ALFREDO
Kátia Rodrigues
J,
Cansei de nossas conversas intermináveis,
sem desfecho. Na verdade, eu nunca quis respostas definitivas, senão
a constatação que certos ou errados não estávamos
prontos nem acabados, e já que a vida era nossa, cabia-nos muda-la.
Mas você não! Preso ao mundo que insiste tornar pequeno, sob olhar
estreito, atribuiu-se o direito de ditar regras, criar dias e noites na vida.
Já disse, mais de uma vez que ninguém pode decidir por nós,
nem pensar por mim. Que sou única e que você o ator de uma vida
finita e sua. Se quiséssemos viver bem, e não esqueça que
bem para mim significava desenvolver quem sou e não me transformar em
quem quer que você desejasse que eu tivesse sido, teríamos tido
sucesso.
Nada disso adiantou. Então começaram nossos silêncios. Extensos,
povoados de imagens, sombras que estavam presentes na nossa distância.
Uma vez ou outra nos descobríamos ouvindo, vendo, até nos enxergando,
e estando lá eu dizia que tínhamos chegado ao fim, numa última
tentativa. E você, racional, respondia sem pressa: é uma
crise. Logo passa. E a vida seguia, ruim, como se você tivesse o
remédio, a ser usado na hora certa.
Descobri que enquanto calado olhava sua própria vida, tão sua,
eu descobria a mim mesma, todos os espaços vazios que você ocupara
um dia, e me construía.Voltei a amá-lo, por deixar-me quieta a
movimentar-me em descobertas. Revi caminhos, escolhas nossas que eram suas.

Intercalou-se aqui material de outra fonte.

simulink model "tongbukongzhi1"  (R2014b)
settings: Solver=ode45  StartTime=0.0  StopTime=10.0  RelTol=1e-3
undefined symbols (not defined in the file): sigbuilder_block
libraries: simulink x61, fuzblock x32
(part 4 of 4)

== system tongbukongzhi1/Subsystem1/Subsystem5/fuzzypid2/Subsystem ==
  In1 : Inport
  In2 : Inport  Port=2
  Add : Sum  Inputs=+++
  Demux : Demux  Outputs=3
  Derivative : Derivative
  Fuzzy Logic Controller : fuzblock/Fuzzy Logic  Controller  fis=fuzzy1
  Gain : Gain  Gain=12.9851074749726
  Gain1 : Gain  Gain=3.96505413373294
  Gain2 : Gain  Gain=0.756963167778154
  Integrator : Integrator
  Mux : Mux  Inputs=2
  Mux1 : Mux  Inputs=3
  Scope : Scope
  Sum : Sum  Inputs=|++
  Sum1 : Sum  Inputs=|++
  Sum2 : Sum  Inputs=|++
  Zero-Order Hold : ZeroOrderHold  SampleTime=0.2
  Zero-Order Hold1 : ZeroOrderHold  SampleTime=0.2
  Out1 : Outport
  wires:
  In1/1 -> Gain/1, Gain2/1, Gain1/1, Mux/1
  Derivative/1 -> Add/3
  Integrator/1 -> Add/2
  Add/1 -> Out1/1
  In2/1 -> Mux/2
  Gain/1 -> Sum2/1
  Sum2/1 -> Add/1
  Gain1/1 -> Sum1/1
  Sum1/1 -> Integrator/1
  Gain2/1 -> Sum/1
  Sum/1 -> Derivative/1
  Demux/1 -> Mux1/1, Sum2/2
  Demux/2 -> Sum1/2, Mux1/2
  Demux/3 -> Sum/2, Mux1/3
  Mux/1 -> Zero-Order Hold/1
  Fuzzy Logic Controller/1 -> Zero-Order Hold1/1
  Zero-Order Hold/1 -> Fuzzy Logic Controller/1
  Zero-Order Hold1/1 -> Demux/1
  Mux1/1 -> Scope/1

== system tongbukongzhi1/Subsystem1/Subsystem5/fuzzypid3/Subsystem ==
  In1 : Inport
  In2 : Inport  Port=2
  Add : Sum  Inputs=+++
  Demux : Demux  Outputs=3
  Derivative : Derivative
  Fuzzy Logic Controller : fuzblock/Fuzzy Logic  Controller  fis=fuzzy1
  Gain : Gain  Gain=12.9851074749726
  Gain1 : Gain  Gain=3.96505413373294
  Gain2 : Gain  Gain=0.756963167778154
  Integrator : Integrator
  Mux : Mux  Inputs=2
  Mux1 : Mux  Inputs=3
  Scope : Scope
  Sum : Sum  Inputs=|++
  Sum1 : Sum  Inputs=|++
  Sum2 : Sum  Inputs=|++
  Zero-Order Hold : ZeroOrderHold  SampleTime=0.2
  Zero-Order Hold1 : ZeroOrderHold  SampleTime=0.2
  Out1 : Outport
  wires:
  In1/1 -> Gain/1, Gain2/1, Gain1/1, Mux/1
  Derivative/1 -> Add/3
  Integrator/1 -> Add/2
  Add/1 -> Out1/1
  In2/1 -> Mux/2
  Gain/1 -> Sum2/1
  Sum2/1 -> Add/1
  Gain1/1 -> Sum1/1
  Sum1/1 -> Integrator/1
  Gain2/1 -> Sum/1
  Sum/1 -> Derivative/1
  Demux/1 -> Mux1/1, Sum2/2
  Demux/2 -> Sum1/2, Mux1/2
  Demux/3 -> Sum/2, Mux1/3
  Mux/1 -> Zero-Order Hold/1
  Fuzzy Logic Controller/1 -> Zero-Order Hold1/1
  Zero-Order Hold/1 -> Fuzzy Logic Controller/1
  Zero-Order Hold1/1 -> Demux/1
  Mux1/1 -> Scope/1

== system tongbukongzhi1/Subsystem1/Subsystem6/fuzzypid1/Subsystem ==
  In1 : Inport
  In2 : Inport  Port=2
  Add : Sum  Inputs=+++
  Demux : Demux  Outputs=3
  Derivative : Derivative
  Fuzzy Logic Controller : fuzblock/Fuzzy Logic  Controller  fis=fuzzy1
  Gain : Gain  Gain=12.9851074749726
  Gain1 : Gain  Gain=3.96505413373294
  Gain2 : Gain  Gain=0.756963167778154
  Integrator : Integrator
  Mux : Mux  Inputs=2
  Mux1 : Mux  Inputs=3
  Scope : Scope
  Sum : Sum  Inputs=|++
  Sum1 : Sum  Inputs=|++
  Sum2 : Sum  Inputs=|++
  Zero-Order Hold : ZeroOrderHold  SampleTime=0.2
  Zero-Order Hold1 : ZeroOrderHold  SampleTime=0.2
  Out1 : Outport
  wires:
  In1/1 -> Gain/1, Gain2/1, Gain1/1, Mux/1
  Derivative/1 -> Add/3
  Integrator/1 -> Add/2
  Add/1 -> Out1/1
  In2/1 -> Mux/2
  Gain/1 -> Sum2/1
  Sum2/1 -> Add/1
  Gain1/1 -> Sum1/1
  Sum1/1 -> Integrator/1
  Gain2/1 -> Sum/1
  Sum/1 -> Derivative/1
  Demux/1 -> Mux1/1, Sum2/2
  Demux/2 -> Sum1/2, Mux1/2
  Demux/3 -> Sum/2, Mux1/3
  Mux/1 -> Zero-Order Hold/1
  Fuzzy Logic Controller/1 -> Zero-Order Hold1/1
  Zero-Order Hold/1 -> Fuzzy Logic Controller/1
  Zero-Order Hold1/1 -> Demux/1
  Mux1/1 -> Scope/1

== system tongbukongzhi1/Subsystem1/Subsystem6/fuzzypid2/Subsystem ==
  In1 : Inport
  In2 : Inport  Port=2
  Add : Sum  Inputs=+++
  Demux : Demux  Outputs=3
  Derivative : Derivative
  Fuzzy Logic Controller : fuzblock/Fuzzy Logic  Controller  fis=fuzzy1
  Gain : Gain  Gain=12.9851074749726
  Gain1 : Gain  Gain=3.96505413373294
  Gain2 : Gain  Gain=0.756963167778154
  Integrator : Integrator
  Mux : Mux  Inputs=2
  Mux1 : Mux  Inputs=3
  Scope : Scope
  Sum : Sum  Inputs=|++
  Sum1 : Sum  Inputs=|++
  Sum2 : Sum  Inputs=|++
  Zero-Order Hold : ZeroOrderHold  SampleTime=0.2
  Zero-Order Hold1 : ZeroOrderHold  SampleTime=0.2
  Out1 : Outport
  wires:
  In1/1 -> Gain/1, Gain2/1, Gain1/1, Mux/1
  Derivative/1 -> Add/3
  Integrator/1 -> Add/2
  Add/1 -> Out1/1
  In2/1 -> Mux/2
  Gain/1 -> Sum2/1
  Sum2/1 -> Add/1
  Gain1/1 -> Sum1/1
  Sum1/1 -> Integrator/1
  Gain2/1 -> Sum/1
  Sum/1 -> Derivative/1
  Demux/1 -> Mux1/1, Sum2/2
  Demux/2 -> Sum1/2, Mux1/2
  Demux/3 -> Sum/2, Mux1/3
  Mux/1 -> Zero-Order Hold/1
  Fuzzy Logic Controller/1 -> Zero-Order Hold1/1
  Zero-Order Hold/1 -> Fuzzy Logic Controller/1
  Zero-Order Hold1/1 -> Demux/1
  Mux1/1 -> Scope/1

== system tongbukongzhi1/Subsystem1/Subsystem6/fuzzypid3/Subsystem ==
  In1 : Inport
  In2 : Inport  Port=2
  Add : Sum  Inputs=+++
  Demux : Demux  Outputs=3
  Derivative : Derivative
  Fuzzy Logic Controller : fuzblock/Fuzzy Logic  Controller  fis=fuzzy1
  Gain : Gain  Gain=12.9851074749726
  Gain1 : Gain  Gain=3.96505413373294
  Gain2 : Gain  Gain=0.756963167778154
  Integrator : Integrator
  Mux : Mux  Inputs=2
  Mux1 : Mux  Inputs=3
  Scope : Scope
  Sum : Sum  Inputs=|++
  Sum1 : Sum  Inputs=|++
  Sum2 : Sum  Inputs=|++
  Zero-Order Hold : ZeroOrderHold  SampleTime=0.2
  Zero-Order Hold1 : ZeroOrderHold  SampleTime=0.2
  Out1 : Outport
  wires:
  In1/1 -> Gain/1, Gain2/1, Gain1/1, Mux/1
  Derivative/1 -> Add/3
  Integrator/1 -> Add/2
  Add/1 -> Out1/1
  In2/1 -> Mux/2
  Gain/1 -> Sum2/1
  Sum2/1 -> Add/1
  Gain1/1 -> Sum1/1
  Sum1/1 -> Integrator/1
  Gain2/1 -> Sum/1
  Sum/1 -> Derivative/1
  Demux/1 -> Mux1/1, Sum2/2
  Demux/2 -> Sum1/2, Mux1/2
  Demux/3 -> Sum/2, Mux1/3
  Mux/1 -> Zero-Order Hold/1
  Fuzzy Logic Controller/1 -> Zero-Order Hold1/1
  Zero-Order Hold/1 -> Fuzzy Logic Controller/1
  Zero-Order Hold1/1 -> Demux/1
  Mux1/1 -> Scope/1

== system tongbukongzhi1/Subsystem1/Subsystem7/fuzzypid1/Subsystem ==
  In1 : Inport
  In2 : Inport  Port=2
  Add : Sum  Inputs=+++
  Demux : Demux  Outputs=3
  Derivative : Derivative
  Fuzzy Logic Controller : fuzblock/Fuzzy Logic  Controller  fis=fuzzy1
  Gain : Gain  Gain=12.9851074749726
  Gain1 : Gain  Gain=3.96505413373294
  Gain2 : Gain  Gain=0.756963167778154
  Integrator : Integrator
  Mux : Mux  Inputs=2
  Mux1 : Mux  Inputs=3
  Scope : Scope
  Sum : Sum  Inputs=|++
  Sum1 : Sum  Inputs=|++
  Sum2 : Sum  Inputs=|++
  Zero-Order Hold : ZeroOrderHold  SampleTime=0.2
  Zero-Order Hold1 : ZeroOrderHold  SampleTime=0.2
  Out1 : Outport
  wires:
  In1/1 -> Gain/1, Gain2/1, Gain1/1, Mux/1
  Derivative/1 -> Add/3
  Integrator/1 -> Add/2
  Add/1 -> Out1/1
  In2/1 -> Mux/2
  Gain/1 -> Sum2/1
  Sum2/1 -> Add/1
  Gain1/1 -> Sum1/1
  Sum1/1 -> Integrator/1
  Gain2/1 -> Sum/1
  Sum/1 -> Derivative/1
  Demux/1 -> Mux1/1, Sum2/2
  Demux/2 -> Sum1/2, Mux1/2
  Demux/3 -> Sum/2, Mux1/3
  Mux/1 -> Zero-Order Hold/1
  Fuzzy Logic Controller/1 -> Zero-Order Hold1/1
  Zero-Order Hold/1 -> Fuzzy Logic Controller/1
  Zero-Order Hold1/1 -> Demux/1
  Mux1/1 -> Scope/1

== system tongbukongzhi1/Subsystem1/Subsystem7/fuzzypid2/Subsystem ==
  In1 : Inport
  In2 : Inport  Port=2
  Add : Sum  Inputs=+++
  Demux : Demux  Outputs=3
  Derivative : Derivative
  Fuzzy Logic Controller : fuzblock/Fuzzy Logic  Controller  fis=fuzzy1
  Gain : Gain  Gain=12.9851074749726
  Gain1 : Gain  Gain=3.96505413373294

Procurei-me nos cantos da vida antiga e só tinha você: sua música,
suas vontades, seus medos. Mas eu estava lá guardada em algum armário
e era hora de abri-lo.
Pouco tempo depois recebi a primeira carta. Pensei em mostrar-lhe, mas você
chegou cansado e comecei a observá-lo, notá-lo perfumado ao sair,
mais cuidadoso consigo mesmo, e comigo indiferente. Tive muita raiva, você
não imagina quanta, mas ocupado, não sentiu nada.
Só após a segunda carta, que trazia todas as informações
sobre ela, comecei a segui-los. Então vi, por inúmeras vezes:
vocês no cinema, no restaurante, entrando em motéis, em despedidas
dentro do carro, apenas a quatro quarteirões de casa. Comecei a planejar,
cuidadosamente, nem sei bem o quê. Sair da sua vida era questão
de tempo, mas tinha que lhe mostrar o quanto você era idiota e fazia papel
de tolo.
Durante dois meses, enviei rosas vermelhas para sua amada, religiosamente as
terças feiras, na parte da tarde. Tive o cuidado de comprar em diferentes
floriculturas, e assinava somente Alfredo. Nas últimas vezes,
acompanhei de perto o entregador, e vi-o entrar no prédio enquanto ela
aguardava impaciente na varanda. Na última vez, além da assinatura,
coloquei o e-mail, evidentemente criado por mim, e antes das dez horas da noite,
ela já tinha se manifestado, curiosa. Fisguei a Bisca, eu diria. Agora
era só ganhar sua confiança, mas eu não tinha pressa.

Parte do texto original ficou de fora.